[Collection entries]
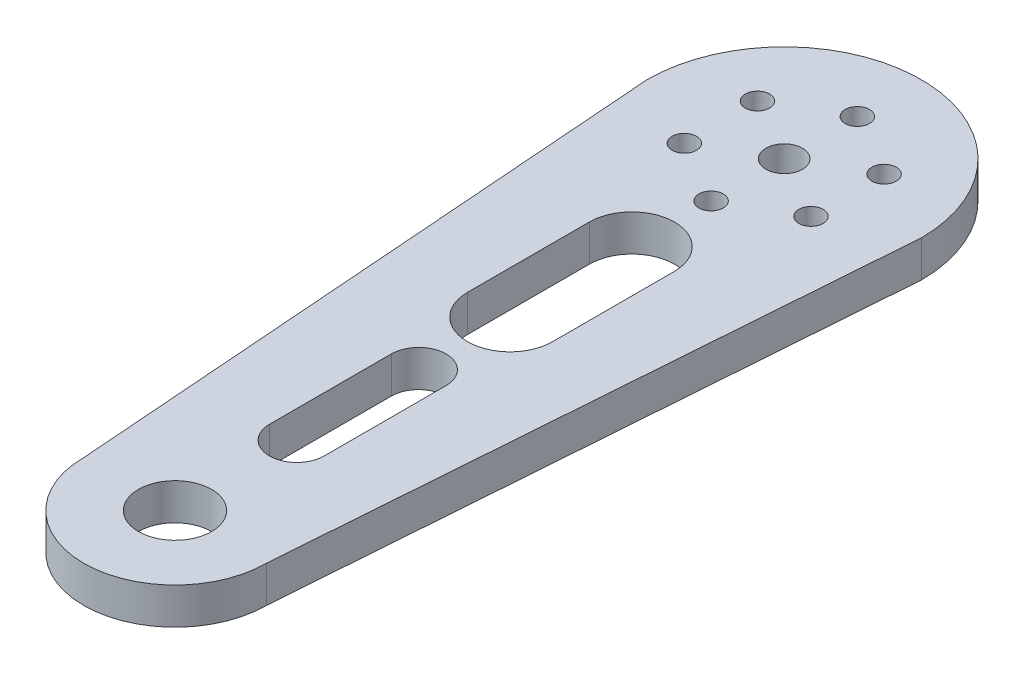
SolidWorks part; units mm, degrees
ref_plane "Front Plane" through (0, 0, 0) normal (0, 0, 1) x (1, 0, 0)
ref_plane "Top Plane" through (0, 0, 0) normal (0, 1, 0) x (1, 0, 0)
ref_plane "Right Plane" through (0, 0, 0) normal (1, 0, 0) x (0, 0, -1)
sketch "草图1" plane through (0, 0, 0) normal (0, 1, 0) x (1, 0, 0)
  line L0 (0, 0) -> (0, -100) construction
  line L1 (15, -100) -> (22.5, 0)
  line L2 (-15, -100) -> (-22.5, 0)
  arc A0 (22.5, 0) -> (-22.5, 0) centre (0, 0) ccw
  circle A1 centre (0, 0) radius 12 construction
  circle A2 centre (0, 12) radius 2
  circle A3 centre (10.3923, 6) radius 2
  circle A4 centre (10.3923, -6) radius 2
  circle A5 centre (0, -12) radius 2
  circle A6 centre (-10.3923, -6) radius 2
  circle A7 centre (-10.3923, 6) radius 2
  circle A8 centre (0, 0) radius 3
  arc A9 (-15, -100) -> (15, -100) centre (0, -100) ccw
  circle A10 centre (0, -100) radius 6
  point P18 (0, 0)
  dimension "D1" = 45
  dimension "D2" = 24
  dimension "D3" = 2
  dimension "D5" = 6
  dimension "D7" = 30
  dimension "D8" = 12
  dimension "D6" = 100
  dimension "D4" = 6
extrude "凸台-拉伸1" add sketch "草图1" along normal blind 6
sketch "草图2" plane through (0, 6, 0) normal (0, 1, 0) x (1, 0, 0)
  line L1 (0, -80) -> (0, -60) construction
  line L6 (-4.5, -80) -> (-4.5, -60)
  line L7 (4.5, -80) -> (4.5, -60)
  line L9 (0, -45) -> (0, -25) construction
  line L11 (-7, -45) -> (-7, -25)
  line L12 (7, -45) -> (7, -25)
  arc A0 (-4.5, -80) -> (4.5, -80) centre (0, -80) ccw
  arc A1 (4.5, -60) -> (-4.5, -60) centre (0, -60) ccw
  arc A2 (-7, -45) -> (7, -45) centre (0, -45) ccw
  arc A3 (7, -25) -> (-7, -25) centre (0, -25) ccw
  point P6 (0, -70)
  point P15 (0, -35)
  dimension "D1" = 20
extrude "切除-拉伸1" cut sketch "草图2" against normal blind 10
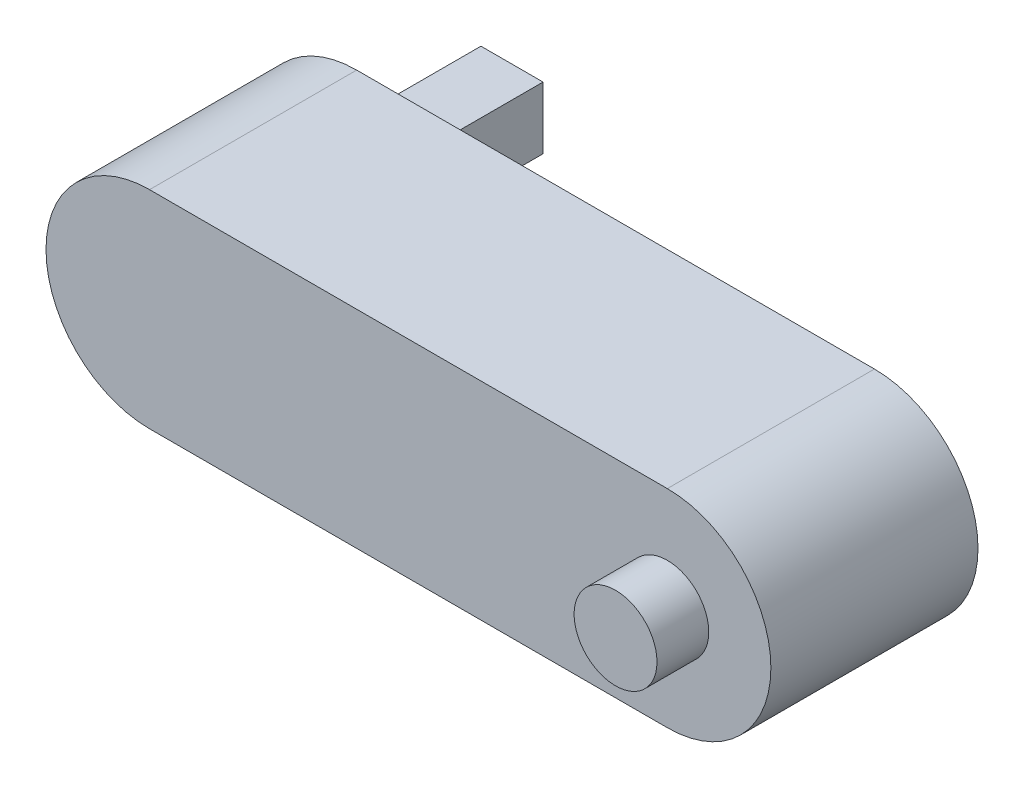
SolidWorks part; units mm, degrees
ref_plane "前视基准面" through (0, 0, 0) normal (0, 0, 1) x (1, 0, 0)
ref_plane "上视基准面" through (0, 0, 0) normal (0, 1, 0) x (1, 0, 0)
ref_plane "右视基准面" through (0, 0, 0) normal (1, 0, 0) x (0, 0, -1)
other "Configuration Table"
sketch "草图1" plane through (0, 0, 0) normal (0, 0, 1) x (1, 0, 0)
  line L0 (0, 0) -> (50, 0) construction
  line L1 (0, 10) -> (50, 10)
  line L2 (0, -10) -> (50, -10)
  arc A0 (0, 10) -> (0, -10) centre (0, 0) ccw
  arc A1 (50, -10) -> (50, 10) centre (50, 0) ccw
  point P3 (25, 0)
  dimension "D2" = 10
  dimension "D1" = 50
extrude "凸台-拉伸1" add sketch "草图1" along normal blind 20
sketch "草图2" plane through (0, 0, 20) normal (0, 0, 1) x (1, 0, 0)
  circle A0 centre (0, 0) radius 4
  circle A1 centre (50, 0) radius 4
  dimension "D1" = 8
extrude "凸台-拉伸2" add sketch "草图2" along normal blind 5 contours A1
sketch "草图3" plane through (0, 0, 0) normal (0, 0, -1) x (-1, 0, 0)
  line L1 (-3, -3) -> (3, -3)
  line L2 (-3, -3) -> (-3, 3)
  line L3 (-3, 3) -> (3, 3)
  line L4 (3, -3) -> (3, 3)
  line L5 (-3, -3) -> (3, 3) construction
  line L6 (-3, 3) -> (3, -3) construction
  point P0 (0, 0)
  dimension "D1" = 6
  dimension "D2" = 6
extrude "凸台-拉伸3" add sketch "草图3" along normal blind 15

* _What is needed_: Once you find the line containing "line L1 (-3, -3) -> (3, -3)", copy it and every line after it through the end of the records, exactly as they stand.

* _Answer section_:
  line L1 (-3, -3) -> (3, -3)
  line L2 (-3, -3) -> (-3, 3)
  line L3 (-3, 3) -> (3, 3)
  line L4 (3, -3) -> (3, 3)
  line L5 (-3, -3) -> (3, 3) construction
  line L6 (-3, 3) -> (3, -3) construction
  point P0 (0, 0)
  dimension "D1" = 6
  dimension "D2" = 6
extrude "凸台-拉伸3" add sketch "草图3" along normal blind 15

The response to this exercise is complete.